*** Data

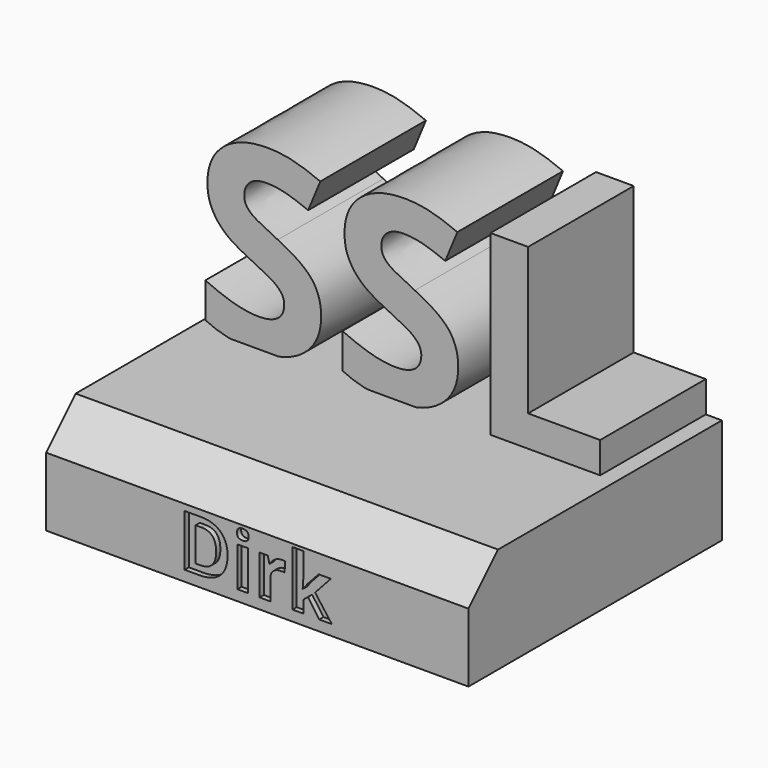
from build123d import *

# Parameters (mm, degrees)
F0_W         = 80
F0_H         = 60
F1_DEPTH     = 20
F2_TEXT_SIZE = 47.1368072178
F3_DEPTH     = 25
F4_SIZE      = 7
F5_TEXT_SIZE = 13.732923253
F6_DEPTH     = 1


# Not quite as in the source:
# - Text() gives the source's letters only with a copy of the font that has no kerning and outlines rounded to 1/6400 em; it was checked with that copy


with BuildPart() as f1:
    # F0 (on Top) → F1 (new body)
    with BuildSketch(Plane.XY):
        with Locations((0, -30)):
            Rectangle(F0_W, F0_H)
    extrude(amount=F1_DEPTH)

    # F4
    f4_edges = [f1.edges().sort_by_distance(p)[0] for p in [
        (0, -60, 20),
    ]]
    chamfer(f4_edges, length=F4_SIZE)

    # F5 (on face) → F6 (cut)
    with BuildSketch(Plane.XZ.offset(60)):
        with Locations((-15, 2)):
            Text('Dirk', F5_TEXT_SIZE, font='Open Sans', font_style=FontStyle.BOLD, text_align=(TextAlign.LEFT, TextAlign.BOTTOM))
    extrude(amount=-F6_DEPTH, mode=Mode.SUBTRACT)


with BuildPart() as f3:
    # F2 (on Front) → F3 (new body)
    with BuildSketch(Plane.XZ):
        with Locations((-40, 20)):
            Text('SSL', F2_TEXT_SIZE, font='Open Sans', font_style=FontStyle.BOLD, text_align=(TextAlign.LEFT, TextAlign.BOTTOM))
    extrude(amount=F3_DEPTH)


solid = Compound([f1.part, f3.part])
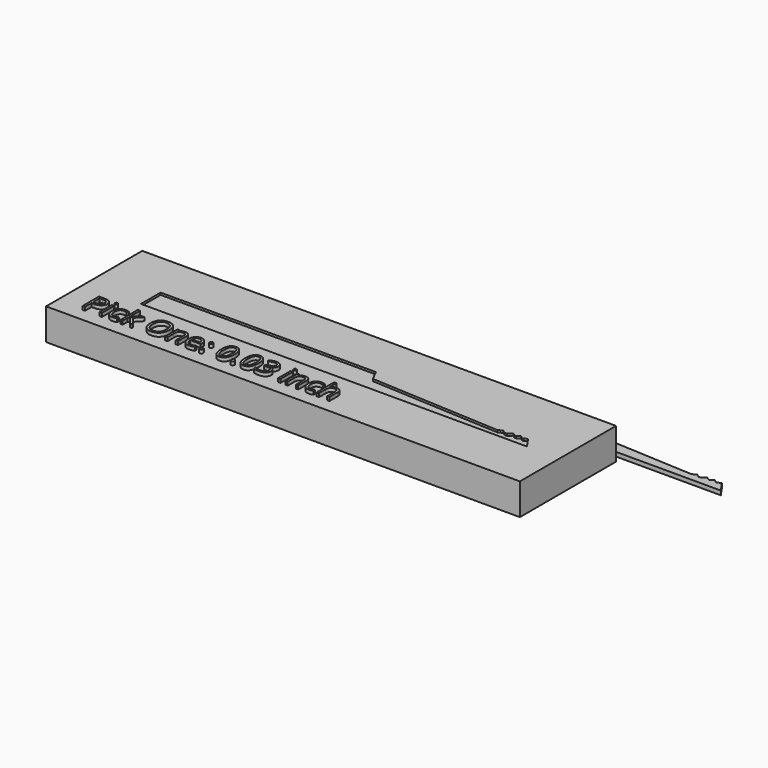
from build123d import *

# Parameters (mm, degrees)
F1_DEPTH     = 1.524
F2_W         = 182.5792118907
F2_H         = 43.6144741252
F3_DEPTH     = 25.4
F5_DEPTH     = 33.782
F4_W         = 13.7265171131
F4_H         = 8.9278469177
F6_DEPTH     = 0.762
F7_DEPTH     = 44.45
F8_DEPTH     = 13.97
F9_TEXT_SIZE = 10.3948405012
F10_DEPTH    = 1.27


# Not quite as in the source:
# - Text() gives the source's letters only with a copy of the font that has no kerning and outlines rounded to 1/6400 em; it was checked with that copy


with BuildPart() as f1:
    # F0 (on Top) → F1 (new body)
    with BuildSketch(Plane.XY):
        Polygon((-80.01, 41.4695973172), (-80.01, 32.5417503995), (0, 32.5417503995), (60.0296942423, 32.5417503995), (57.3306256048, 36.4286201875), (56.2628505302, 35.6871499627), (55.7719905529, 35.6871499627), (54.7906256048, 36.4286201875), (53.6061288199, 35.6626132912), (53.0288587161, 35.6626132912), (51.9966256048, 36.4425169536), (50.6295181289, 35.2007957653), (49.7636081635, 35.2007957653), (48.6946256048, 36.0084654703), (47.2236081635, 35.2007957653), (0, 37.6974442349), (-0.7566144174, 39.1956412988), (-1.905, 41.4695973172), align=None)
    extrude(amount=F1_DEPTH)


with BuildPart() as f3:
    # F2 (on Top) → F3 (new body)
    with BuildSketch(Plane.XY):
        with Locations((-6.1160512269, -12.6331574284)):
            Rectangle(F2_W, F2_H)
    extrude(amount=F3_DEPTH)

    # F5 (add): a face of the model
    f5_faces = [f3.faces().sort_by_distance(p)[0] for p in [
        (-97.4056571722, -12.6331574284, 12.7),
    ]]
    extrude(f5_faces, amount=F5_DEPTH)

    # F4 (on face) → F6 (cut)
    with BuildSketch(Plane.XY.offset(25.4)):
        Polygon((-97.4056571722, -7.5530489152), (-97.4056571722, -16.4808958329), (-31.1221742853, -16.4808958329), (28.907519957, -16.4808958329), (26.2084513195, -12.5940260449), (25.1406762449, -13.3354962697), (24.6498162676, -13.3354962697), (23.6684513195, -12.5940260449), (22.4839545346, -13.3600329412), (21.9066844308, -13.3600329412), (20.8744513195, -12.5801292789), (19.5073438436, -13.8218504672), (18.6414338782, -13.8218504672), (17.5724513195, -13.0141807621), (16.1014338782, -13.8218504672), (-31.1221742853, -11.3252019975), (-31.8787887027, -9.8270049336), (-33.0271742853, -7.5530489152), align=None)
        with Locations((-104.2689157288, -12.016972374)):
            Rectangle(F4_W, F4_H)
    extrude(amount=-F6_DEPTH, mode=Mode.SUBTRACT)

    # F7 (cut): a face of the model
    f7_faces = [f3.faces().sort_by_distance(p)[0] for p in [
        (85.1735547185, -12.6331574284, 12.7),
    ]]
    extrude(f7_faces, amount=-F7_DEPTH, mode=Mode.SUBTRACT)

    # F8 (cut): a face of the model
    f8_faces = [f3.faces().sort_by_distance(p)[0] for p in [
        (-45.2320512269, -12.6331574284, 0),
    ]]
    extrude(f8_faces, amount=-F8_DEPTH, mode=Mode.SUBTRACT)

    # F9 (on face) → F10 (join)
    with BuildSketch(Plane.XY.offset(25.4)):
        with Locations((-122.7574646473, -29.6667795628)):
            Text('Pick One: 0.03 inch', F9_TEXT_SIZE, font='Open Sans', text_align=(TextAlign.LEFT, TextAlign.BOTTOM))
    extrude(amount=F10_DEPTH)


solid = Compound([f1.part, f3.part])
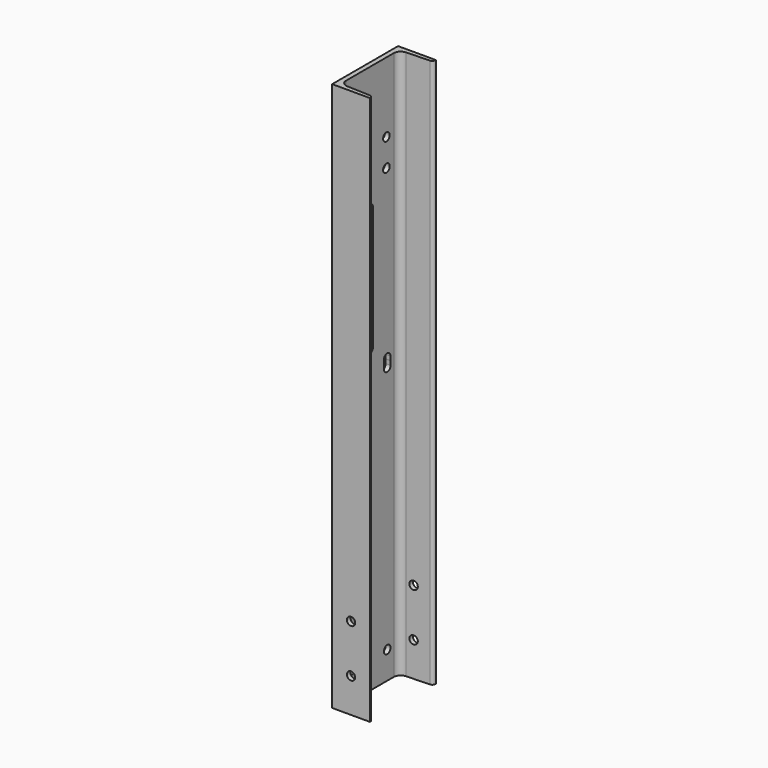
from build123d import *

# Parameters (mm, degrees)
F1_DEPTH = 400
F2_R     = 6
F3_DEPTH = 55.001
F4_R     = 6
F5_DEPTH = 120.001


# Not quite as in the source:
# - a feature names something its author has since deleted; it is built from what else it names


with BuildPart() as f1:
    # F0 (on Top) → F1 (new body, symmetric)
    with BuildSketch(Plane.XY):
        with BuildLine():
            Line((0, 120), (0, 0))
            Line((0, 0), (55, 0))
            Line((55, 0), (55, 0.683595444))
            ThreePointArc((55, 0.683595444), (53.7475389551, 3.7986380977), (50.6873374512, 5.1796942729))
            Line((50.6873374512, 5.1796942729), (16.5836945529, 6.6006793936))
            ThreePointArc((16.5836945529, 6.6006793936), (9.7832467663, 9.6696931162), (7, 16.5920101246))
            Line((7, 16.5920101246), (7, 103.4079898754))
            ThreePointArc((7, 103.4079898754), (9.7832467663, 110.3303068838), (16.5836945529, 113.3993206064))
            Line((16.5836945529, 113.3993206064), (50.6873374512, 114.8203057271))
            ThreePointArc((50.6873374512, 114.8203057271), (53.7475389551, 116.2013619023), (55, 119.316404556))
            Line((55, 119.316404556), (55, 120))
            Line((55, 120), (0, 120))
        make_face()
    extrude(amount=F1_DEPTH, both=True)

    # F2 (on face) → F3 (cut, through all)
    with BuildSketch(Plane(origin=(0, 0, 0), x_dir=(0, -1, 0), z_dir=(-1, 0, 0))):
        with Locations((-90, 298)):
            Circle(F2_R)
        with Locations((-30, 298)):
            Circle(F2_R)
        with Locations((-30, 258)):
            Circle(F2_R)
        with Locations((-90, 258)):
            Circle(F2_R)
        with BuildLine():
            Line((-97.4973066239, 7.8202411081), (-97.4971376848, 8.1853094437))
            ThreePointArc((-97.4971376848, 8.1853094437), (-97.4999993576, 8.0027765611), (-97.4973066239, 7.8202411081))
        make_face()
        with Locations((-91.5, -360)):
            Circle(F2_R)
        with Locations((-28.5, -360)):
            Circle(F2_R)
        with BuildLine():
            Line((-97.4945650308, 13.7446764959), (-97.4971376848, 8.1853094437))
            Line((-97.4971376848, 8.1853094437), (-97.4973066239, 7.8202411081))
            Line((-97.4973066239, 7.8202411081), (-97.4999974302, 2.0055531216))
            ThreePointArc((-97.4999974302, 2.0055531216), (-97.4999993576, 2.0027765611), (-97.5, 2))
            ThreePointArc((-97.5, 2), (-91.5, -4), (-85.5, 2))
            Line((-85.5, 2), (-85.5, 14))
            ThreePointArc((-85.5, 14), (-91.6276906718, 19.9986411038), (-97.4945650308, 13.7446764959))
        make_face()
        with BuildLine():
            Line((-22.5, 2), (-22.5, 14))
            ThreePointArc((-22.5, 14), (-28.5, 20), (-34.5, 14))
            Line((-34.5, 14), (-34.5, 2))
            ThreePointArc((-34.5, 2), (-28.5, -4), (-22.5, 2))
        make_face()
        with BuildLine():
            Line((-65.5, 218), (-65.5, 38))
            ThreePointArc((-65.5, 38), (-60, 32.5), (-54.5, 38))
            Line((-54.5, 38), (-54.5, 218))
            ThreePointArc((-54.5, 218), (-60, 223.5), (-65.5, 218))
        make_face()
    extrude(amount=-F3_DEPTH, mode=Mode.SUBTRACT)

    # F4 (on face) → F5 (cut, through all)
    with BuildSketch(Plane.XZ):
        with Locations((27.5, -280)):
            Circle(F4_R)
        with Locations((27.5, -350)):
            Circle(F4_R)
    extrude(amount=-F5_DEPTH, mode=Mode.SUBTRACT)


solid = f1.part
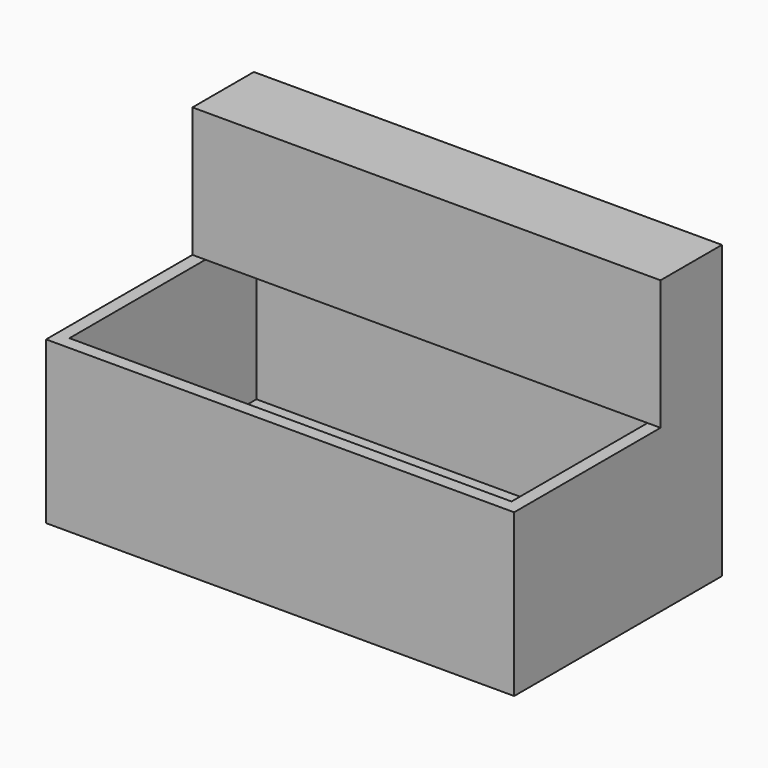
from build123d import *

# Parameters (mm, degrees)
F0_W     = 109.3384288251
F0_H     = 31.6438265145
F1_DEPTH = 50.8
F2_W     = 109.3384288251
F2_H     = 15.0109836832
F3_DEPTH = 25.4
F4_DEPTH = 17.78
F5_T     = -2.54


# Not quite as in the source:
# - a shell that OpenCascade refuses in one call is made with other operations: the cavity is built on its own and cut out


with BuildPart() as f1:
    # F0 (on Front) → F1 (new body)
    with BuildSketch(Plane.XZ):
        with Locations((2.1867696196, 0.8977539837)):
            Rectangle(F0_W, F0_H)
    extrude(amount=F1_DEPTH)

    # F2 (on face) → F3 (join)
    with BuildSketch(Plane.XY.offset(16.719667241)):
        with Locations((2.1867696196, -7.5054918416)):
            Rectangle(F2_W, F2_H)
    extrude(amount=F3_DEPTH)

    # F4 (cut): a face of the model
    f4_faces = [f1.faces().sort_by_distance(p)[0] for p in [
        (56.8559840322, -21.9693633853, 6.3658182119),
    ]]
    extrude(f4_faces, amount=-F4_DEPTH, mode=Mode.SUBTRACT)

    # F5: a shell. OpenCascade refuses it in one call, so the cavity is built on its own and cut out:
    # the body offset inwards by the wall thickness, plus a prism from it out through each open face.
    f5_core = offset(f1.part, amount=F5_T, kind=Kind.INTERSECTION, mode=Mode.PRIVATE)
    f5_exits = [f5_core.faces().sort_by_distance(p)[0] for p in [
        (-6.70323, -30.365492, 14.179667),
    ]]
    add(f5_core, mode=Mode.SUBTRACT)
    extrude(f5_exits, amount=-F5_T, mode=Mode.SUBTRACT)


solid = f1.part

******

Leave out the pictures, and retype exactly the lines from the one containing "extrude(amount=-F3_DEPTH, mode=Mode.SUBTRACT)" through the last line of the data above, no more and no less.

    extrude(amount=-F3_DEPTH, mode=Mode.SUBTRACT)

    # F4 (on face) → F5 (cut, through all)
    with BuildSketch(Plane.XZ):
        with Locations((27.5, -280)):
            Circle(F4_R)
        with Locations((27.5, -350)):
            Circle(F4_R)
    extrude(amount=-F5_DEPTH, mode=Mode.SUBTRACT)


solid = f1.part
from build123d import *

# Parameters (mm, degrees)
F0_W     = 109.3384288251
F0_H     = 31.6438265145
F1_DEPTH = 50.8
F2_W     = 109.3384288251
F2_H     = 15.0109836832
F3_DEPTH = 25.4
F4_DEPTH = 17.78
F5_T     = -2.54


# Not quite as in the source:
# - a shell that OpenCascade refuses in one call is made with other operations: the cavity is built on its own and cut out


with BuildPart() as f1:
    # F0 (on Front) → F1 (new body)
    with BuildSketch(Plane.XZ):
        with Locations((2.1867696196, 0.8977539837)):
            Rectangle(F0_W, F0_H)
    extrude(amount=F1_DEPTH)

    # F2 (on face) → F3 (join)
    with BuildSketch(Plane.XY.offset(16.719667241)):
        with Locations((2.1867696196, -7.5054918416)):
            Rectangle(F2_W, F2_H)
    extrude(amount=F3_DEPTH)

    # F4 (cut): a face of the model
    f4_faces = [f1.faces().sort_by_distance(p)[0] for p in [
        (56.8559840322, -21.9693633853, 6.3658182119),
    ]]
    extrude(f4_faces, amount=-F4_DEPTH, mode=Mode.SUBTRACT)

    # F5: a shell. OpenCascade refuses it in one call, so the cavity is built on its own and cut out:
    # the body offset inwards by the wall thickness, plus a prism from it out through each open face.
    f5_core = offset(f1.part, amount=F5_T, kind=Kind.INTERSECTION, mode=Mode.PRIVATE)
    f5_exits = [f5_core.faces().sort_by_distance(p)[0] for p in [
        (-6.70323, -30.365492, 14.179667),
    ]]
    add(f5_core, mode=Mode.SUBTRACT)
    extrude(f5_exits, amount=-F5_T, mode=Mode.SUBTRACT)


solid = f1.part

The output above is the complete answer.